OK, think about it: Would one ever take a picture of oneself and caption it with, simply, "I" ? I hope not! Clearly, if one is standing there alone in the picture, one would write "me" for the caption. Unless, of course, one were a quasi-educated person who had a grasping need to try to sound smarter than one truly was and thus expose oneself as a grammatical ignoramus in the face of anybody who knows grammar, which is not much of a threat because, obviously, hardly anybody does. Please forgive me. I know that sounds mean spirited. There are obviously many, many people who misuse this construction simply because they were taught incorrectly. I bear them no ill will. The ones that irk me are: (1) English teachers who teach this incorrectly to their students, (2) elementary-aged children who think they are smarter than I am and attempt to set me straight on how to misuse singular first person pronouns, and (3) basically anybody who insists that incorrect usage is correct when the subject arises. Let me say this once more: I have no gripe with people who are just doing the best they can after being taught incorrectly; my only gripe is with people who smugly insist that they are right when they are wrong.

Here is the litmus test that is so simple that anyone can use it:



Correct: "My mother gave a gift to me."
Also correct: "My mother gave a gift to my sister and me."
Incorrect: "My mother gave a gift to I."
Also incorrect: "My mother gave a gift to my sister and I." Believe it or not... This is INCORRECT!

The reason why photo captions should generally be "me" rather than "I" is this: it is, generally speaking, a shortened form of "This is me," or "This is a picture of me." One would never say, "This is I." Neither should one ever say, "This is Frankie and I." It's OK to say "me." One should say "me" when it is appropriate.

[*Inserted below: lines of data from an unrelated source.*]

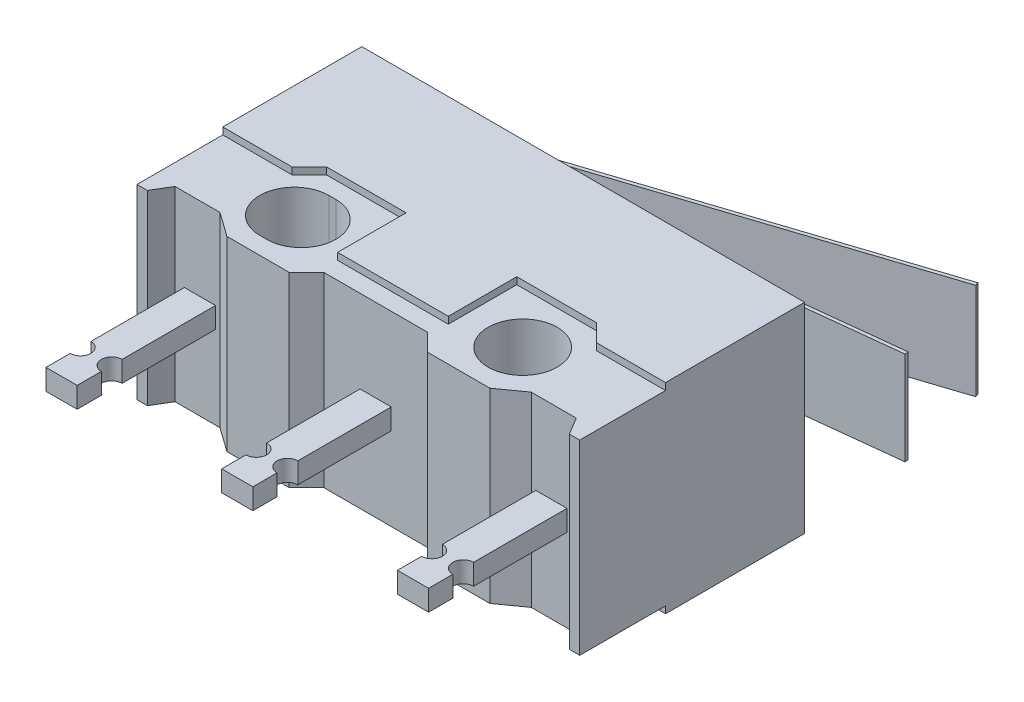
ISO-10303-21;
HEADER;
FILE_DESCRIPTION(('STEP AP214'),'2;1');
FILE_NAME('part.step','',(''),(''),'','','');
FILE_SCHEMA(('AUTOMOTIVE_DESIGN { 1 0 10303 214 1 1 1 1 }'));
ENDSEC;
DATA;
#1=APPLICATION_CONTEXT('core data for automotive mechanical design processes');
#2=APPLICATION_PROTOCOL_DEFINITION('international standard','automotive_design',2000,#1);
#3=PRODUCT_CONTEXT('',#1,'mechanical');
#4=PRODUCT('Part','Part','',(#3));
#5=PRODUCT_RELATED_PRODUCT_CATEGORY('part','',(#4));
#6=PRODUCT_DEFINITION_FORMATION('','',#4);
#7=PRODUCT_DEFINITION_CONTEXT('part definition',#1,'design');
#8=PRODUCT_DEFINITION('design','',#6,#7);
#9=PRODUCT_DEFINITION_SHAPE('','',#8);
#10=(LENGTH_UNIT() NAMED_UNIT(*) SI_UNIT(.MILLI.,.METRE.));
#11=(NAMED_UNIT(*) PLANE_ANGLE_UNIT() SI_UNIT($,.RADIAN.));
#12=(NAMED_UNIT(*) SI_UNIT($,.STERADIAN.) SOLID_ANGLE_UNIT());
#13=UNCERTAINTY_MEASURE_WITH_UNIT(LENGTH_MEASURE(1.E-05),#10,'distance_accuracy_value','');
#14=(GEOMETRIC_REPRESENTATION_CONTEXT(3) GLOBAL_UNCERTAINTY_ASSIGNED_CONTEXT((#13)) GLOBAL_UNIT_ASSIGNED_CONTEXT((#10,
#11,#12)) REPRESENTATION_CONTEXT('',''));
#15=CARTESIAN_POINT('',(0.,0.,0.));
#16=DIRECTION('',(0.,0.,1.));
#17=DIRECTION('',(1.,0.,0.));
#18=AXIS2_PLACEMENT_3D('',#15,#16,#17);
#19=CARTESIAN_POINT('',(-4.88613697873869,1.35,-3.56048402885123));
#20=DIRECTION('',(-0.110602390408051,0.,-0.99386473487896));
#21=DIRECTION('',(-0.99386473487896,0.,0.110602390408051));
#22=AXIS2_PLACEMENT_3D('',#19,#20,#21);
#23=PLANE('',#22);
#24=DIRECTION('',(0.99386473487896,0.,-0.110602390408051));
#25=VECTOR('',#24,1.);
#26=CARTESIAN_POINT('',(-4.88613697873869,-1.35,-3.56048402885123));
#27=LINE('',#26,#25);
#28=CARTESIAN_POINT('',(-4.88613697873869,-1.35,-3.56048402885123));
#29=VERTEX_POINT('',#28);
#30=CARTESIAN_POINT('',(7.60546179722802,-1.35,-4.95061352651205));
#31=VERTEX_POINT('',#30);
#32=EDGE_CURVE('E148',#29,#31,#27,.T.);
#33=ORIENTED_EDGE('',*,*,#32,.T.);
#34=DIRECTION('',(0.,-1.,0.));
#35=VECTOR('',#34,1.);
#36=CARTESIAN_POINT('',(7.60546179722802,1.35,-4.95061352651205));
#37=LINE('',#36,#35);
#38=CARTESIAN_POINT('',(7.60546179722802,1.35,-4.95061352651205));
#39=VERTEX_POINT('',#38);
#40=EDGE_CURVE('E12',#39,#31,#37,.T.);
#41=ORIENTED_EDGE('',*,*,#40,.F.);
#42=DIRECTION('',(0.99386473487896,0.,-0.110602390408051));
#43=VECTOR('',#42,1.);
#44=CARTESIAN_POINT('',(-4.88613697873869,1.35,-3.56048402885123));
#45=LINE('',#44,#43);
#46=CARTESIAN_POINT('',(-4.88613697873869,1.35,-3.56048402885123));
#47=VERTEX_POINT('',#46);
#48=EDGE_CURVE('E106',#47,#39,#45,.T.);
#49=ORIENTED_EDGE('',*,*,#48,.F.);
#50=DIRECTION('',(0.,-1.,0.));
#51=VECTOR('',#50,1.);
#52=CARTESIAN_POINT('',(-4.88613697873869,1.35,-3.56048402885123));
#53=LINE('',#52,#51);
#54=EDGE_CURVE('E147',#47,#29,#53,.T.);
#55=ORIENTED_EDGE('',*,*,#54,.T.);
#56=EDGE_LOOP('',(#33,#41,#49,#55));
#57=FACE_BOUND('',#56,.T.);
#58=ADVANCED_FACE('F51',(#57),#23,.F.);
#59=CARTESIAN_POINT('',(7.59440155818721,1.35,-5.05));
#60=DIRECTION('',(0.99386473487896,0.,-0.110602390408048));
#61=DIRECTION('',(-0.110602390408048,0.,-0.99386473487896));
#62=AXIS2_PLACEMENT_3D('',#59,#60,#61);
#63=PLANE('',#62);
#64=DIRECTION('',(0.110602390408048,0.,0.99386473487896));
#65=VECTOR('',#64,1.);
#66=CARTESIAN_POINT('',(7.59440155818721,-1.35,-5.05));
#67=LINE('',#66,#65);
#68=CARTESIAN_POINT('',(7.59440155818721,-1.35,-5.05));
#69=VERTEX_POINT('',#68);
#70=EDGE_CURVE('E151',#69,#31,#67,.T.);
#71=ORIENTED_EDGE('',*,*,#70,.F.);
#72=DIRECTION('',(0.,-1.,0.));
#73=VECTOR('',#72,1.);
#74=CARTESIAN_POINT('',(7.59440155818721,1.35,-5.05));
#75=LINE('',#74,#73);
#76=CARTESIAN_POINT('',(7.59440155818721,1.35,-5.05));
#77=VERTEX_POINT('',#76);
#78=EDGE_CURVE('E59',#77,#69,#75,.T.);
#79=ORIENTED_EDGE('',*,*,#78,.F.);
#80=DIRECTION('',(0.110602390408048,0.,0.99386473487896));
#81=VECTOR('',#80,1.);
#82=CARTESIAN_POINT('',(7.59440155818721,1.35,-5.05));
#83=LINE('',#82,#81);
#84=EDGE_CURVE('E190',#77,#39,#83,.T.);
#85=ORIENTED_EDGE('',*,*,#84,.T.);
#86=ORIENTED_EDGE('',*,*,#40,.T.);
#87=EDGE_LOOP('',(#71,#79,#85,#86));
#88=FACE_BOUND('',#87,.T.);
#89=ADVANCED_FACE('F181',(#88),#63,.T.);
#90=CARTESIAN_POINT('',(-4.8971972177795,1.35,-3.65987050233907));
#91=DIRECTION('',(-0.110602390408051,0.,-0.99386473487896));
#92=DIRECTION('',(-0.99386473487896,0.,0.110602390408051));
#93=AXIS2_PLACEMENT_3D('',#90,#91,#92);
#94=PLANE('',#93);
#95=DIRECTION('',(0.99386473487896,0.,-0.110602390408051));
#96=VECTOR('',#95,1.);
#97=CARTESIAN_POINT('',(-4.8971972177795,-1.35,-3.65987050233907));
#98=LINE('',#97,#96);
#99=CARTESIAN_POINT('',(-4.8971972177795,-1.35,-3.65987050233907));
#100=VERTEX_POINT('',#99);
#101=EDGE_CURVE('E154',#100,#69,#98,.T.);
#102=ORIENTED_EDGE('',*,*,#101,.F.);
#103=DIRECTION('',(0.,-1.,0.));
#104=VECTOR('',#103,1.);
#105=CARTESIAN_POINT('',(-4.8971972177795,1.35,-3.65987050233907));
#106=LINE('',#105,#104);
#107=CARTESIAN_POINT('',(-4.8971972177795,1.35,-3.65987050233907));
#108=VERTEX_POINT('',#107);
#109=EDGE_CURVE('E171',#108,#100,#106,.T.);
#110=ORIENTED_EDGE('',*,*,#109,.F.);
#111=DIRECTION('',(0.99386473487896,0.,-0.110602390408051));
#112=VECTOR('',#111,1.);
#113=CARTESIAN_POINT('',(-4.8971972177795,1.35,-3.65987050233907));
#114=LINE('',#113,#112);
#115=EDGE_CURVE('E178',#108,#77,#114,.T.);
#116=ORIENTED_EDGE('',*,*,#115,.T.);
#117=ORIENTED_EDGE('',*,*,#78,.T.);
#118=EDGE_LOOP('',(#102,#110,#116,#117));
#119=FACE_BOUND('',#118,.T.);
#120=ADVANCED_FACE('F176',(#119),#94,.T.);
#121=CARTESIAN_POINT('',(-4.85295626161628,1.35,-3.26232460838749));
#122=DIRECTION('',(0.,-1.,0.));
#123=DIRECTION('',(0.,0.,-1.));
#124=AXIS2_PLACEMENT_3D('',#121,#122,#123);
#125=CYLINDRICAL_SURFACE('',#124,0.4);
#126=CARTESIAN_POINT('',(-4.85295626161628,-1.35,-3.26232460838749));
#127=DIRECTION('',(0.,-1.,0.));
#128=DIRECTION('',(0.,0.,1.));
#129=AXIS2_PLACEMENT_3D('',#126,#127,#128);
#130=CIRCLE('',#129,0.4);
#131=CARTESIAN_POINT('',(-5.21552109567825,-1.35,-3.43128241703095));
#132=VERTEX_POINT('',#131);
#133=EDGE_CURVE('E157',#132,#100,#130,.T.);
#134=ORIENTED_EDGE('',*,*,#133,.F.);
#135=DIRECTION('',(0.,-1.,0.));
#136=VECTOR('',#135,1.);
#137=CARTESIAN_POINT('',(-5.21552109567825,1.35,-3.43128241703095));
#138=LINE('',#137,#136);
#139=CARTESIAN_POINT('',(-5.21552109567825,1.35,-3.43128241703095));
#140=VERTEX_POINT('',#139);
#141=EDGE_CURVE('E169',#140,#132,#138,.T.);
#142=ORIENTED_EDGE('',*,*,#141,.F.);
#143=CARTESIAN_POINT('',(-4.85295626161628,1.35,-3.26232460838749));
#144=DIRECTION('',(0.,-1.,0.));
#145=DIRECTION('',(0.,0.,1.));
#146=AXIS2_PLACEMENT_3D('',#143,#144,#145);
#147=CIRCLE('',#146,0.4);
#148=EDGE_CURVE('E142',#140,#108,#147,.T.);
#149=ORIENTED_EDGE('',*,*,#148,.T.);
#150=ORIENTED_EDGE('',*,*,#109,.T.);
#151=EDGE_LOOP('',(#134,#142,#149,#150));
#152=FACE_BOUND('',#151,.T.);
#153=ADVANCED_FACE('F188',(#152),#125,.T.);
#154=CARTESIAN_POINT('',(-5.3,1.35,-3.24999999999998));
#155=DIRECTION('',(-0.906412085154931,0.,-0.422394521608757));
#156=DIRECTION('',(-0.422394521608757,0.,0.906412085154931));
#157=AXIS2_PLACEMENT_3D('',#154,#155,#156);
#158=PLANE('',#157);
#159=DIRECTION('',(0.422394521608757,0.,-0.906412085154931));
#160=VECTOR('',#159,1.);
#161=CARTESIAN_POINT('',(-5.3,-1.35,-3.24999999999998));
#162=LINE('',#161,#160);
#163=CARTESIAN_POINT('',(-5.3,-1.35,-3.24999999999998));
#164=VERTEX_POINT('',#163);
#165=EDGE_CURVE('E160',#164,#132,#162,.T.);
#166=ORIENTED_EDGE('',*,*,#165,.F.);
#167=DIRECTION('',(0.,-1.,0.));
#168=VECTOR('',#167,1.);
#169=CARTESIAN_POINT('',(-5.3,1.35,-3.24999999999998));
#170=LINE('',#169,#168);
#171=CARTESIAN_POINT('',(-5.3,1.35,-3.24999999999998));
#172=VERTEX_POINT('',#171);
#173=EDGE_CURVE('E130',#172,#164,#170,.T.);
#174=ORIENTED_EDGE('',*,*,#173,.F.);
#175=DIRECTION('',(0.422394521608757,0.,-0.906412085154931));
#176=VECTOR('',#175,1.);
#177=CARTESIAN_POINT('',(-5.3,1.35,-3.24999999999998));
#178=LINE('',#177,#176);
#179=EDGE_CURVE('E140',#172,#140,#178,.T.);
#180=ORIENTED_EDGE('',*,*,#179,.T.);
#181=ORIENTED_EDGE('',*,*,#141,.T.);
#182=EDGE_LOOP('',(#166,#174,#180,#181));
#183=FACE_BOUND('',#182,.T.);
#184=ADVANCED_FACE('F195',(#183),#158,.T.);
#185=CARTESIAN_POINT('',(-5.20935879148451,1.35,-3.20776054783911));
#186=DIRECTION('',(-0.422394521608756,0.,0.906412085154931));
#187=DIRECTION('',(0.906412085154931,0.,0.422394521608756));
#188=AXIS2_PLACEMENT_3D('',#185,#186,#187);
#189=PLANE('',#188);
#190=DIRECTION('',(-0.906412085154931,0.,-0.422394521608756));
#191=VECTOR('',#190,1.);
#192=CARTESIAN_POINT('',(-5.20935879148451,-1.35,-3.20776054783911));
#193=LINE('',#192,#191);
#194=CARTESIAN_POINT('',(-5.20935879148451,-1.35,-3.20776054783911));
#195=VERTEX_POINT('',#194);
#196=EDGE_CURVE('E129',#195,#164,#193,.T.);
#197=ORIENTED_EDGE('',*,*,#196,.F.);
#198=DIRECTION('',(0.,-1.,0.));
#199=VECTOR('',#198,1.);
#200=CARTESIAN_POINT('',(-5.20935879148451,1.35,-3.20776054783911));
#201=LINE('',#200,#199);
#202=CARTESIAN_POINT('',(-5.20935879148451,1.35,-3.20776054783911));
#203=VERTEX_POINT('',#202);
#204=EDGE_CURVE('E123',#203,#195,#201,.T.);
#205=ORIENTED_EDGE('',*,*,#204,.F.);
#206=DIRECTION('',(-0.906412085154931,0.,-0.422394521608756));
#207=VECTOR('',#206,1.);
#208=CARTESIAN_POINT('',(-5.20935879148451,1.35,-3.20776054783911));
#209=LINE('',#208,#207);
#210=EDGE_CURVE('E127',#203,#172,#209,.T.);
#211=ORIENTED_EDGE('',*,*,#210,.T.);
#212=ORIENTED_EDGE('',*,*,#173,.T.);
#213=EDGE_LOOP('',(#197,#205,#211,#212));
#214=FACE_BOUND('',#213,.T.);
#215=ADVANCED_FACE('F125',(#214),#189,.T.);
#216=CARTESIAN_POINT('',(-5.20935879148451,1.35,-3.20776054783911));
#217=DIRECTION('',(-0.906412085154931,0.,-0.422394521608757));
#218=DIRECTION('',(-0.422394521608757,0.,0.906412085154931));
#219=AXIS2_PLACEMENT_3D('',#216,#217,#218);
#220=PLANE('',#219);
#221=DIRECTION('',(0.422394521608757,0.,-0.906412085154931));
#222=VECTOR('',#221,1.);
#223=CARTESIAN_POINT('',(-5.20935879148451,-1.35,-3.20776054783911));
#224=LINE('',#223,#222);
#225=CARTESIAN_POINT('',(-5.12487988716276,-1.35,-3.38904296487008));
#226=VERTEX_POINT('',#225);
#227=EDGE_CURVE('E94',#195,#226,#224,.T.);
#228=ORIENTED_EDGE('',*,*,#227,.T.);
#229=DIRECTION('',(0.,-1.,0.));
#230=VECTOR('',#229,1.);
#231=CARTESIAN_POINT('',(-5.12487988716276,1.35,-3.38904296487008));
#232=LINE('',#231,#230);
#233=CARTESIAN_POINT('',(-5.12487988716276,1.35,-3.38904296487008));
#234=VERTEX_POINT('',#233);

I actually saw someone use the (INCORRECT) construction: "The caterer provided an excellent cake for Ronald and I's wedding." Seriously. She didn't simply speak this, making a verbal mistake.  This is what someone wrote. The problem is getting completely out of hand. There is a singular, first-person, possessive pronoun, and it is not "I's." "Ise" is a racial slur and sounds like dialogue lifted from the movie Gone with the Wind. One used to hear the correct form of the possessive personal pronoun used fairly often, before all this ignorant, pseudo-intellectual, hyper-corrective "I" business got into swing. It is (drum roll, please)... "my." The correct way to say, "The caterer provided an excellent cake for Ronald and I's wedding," is, very simply, "The caterer provided an excellent cake for Ronald's and my wedding." That's slightly awkward, although basically correct. Preferable ways of saying it would be: "The caterer provided an excellent cake for Ronald and me at our wedding," or (imagine this), "The caterer provided an excellent cake for our wedding."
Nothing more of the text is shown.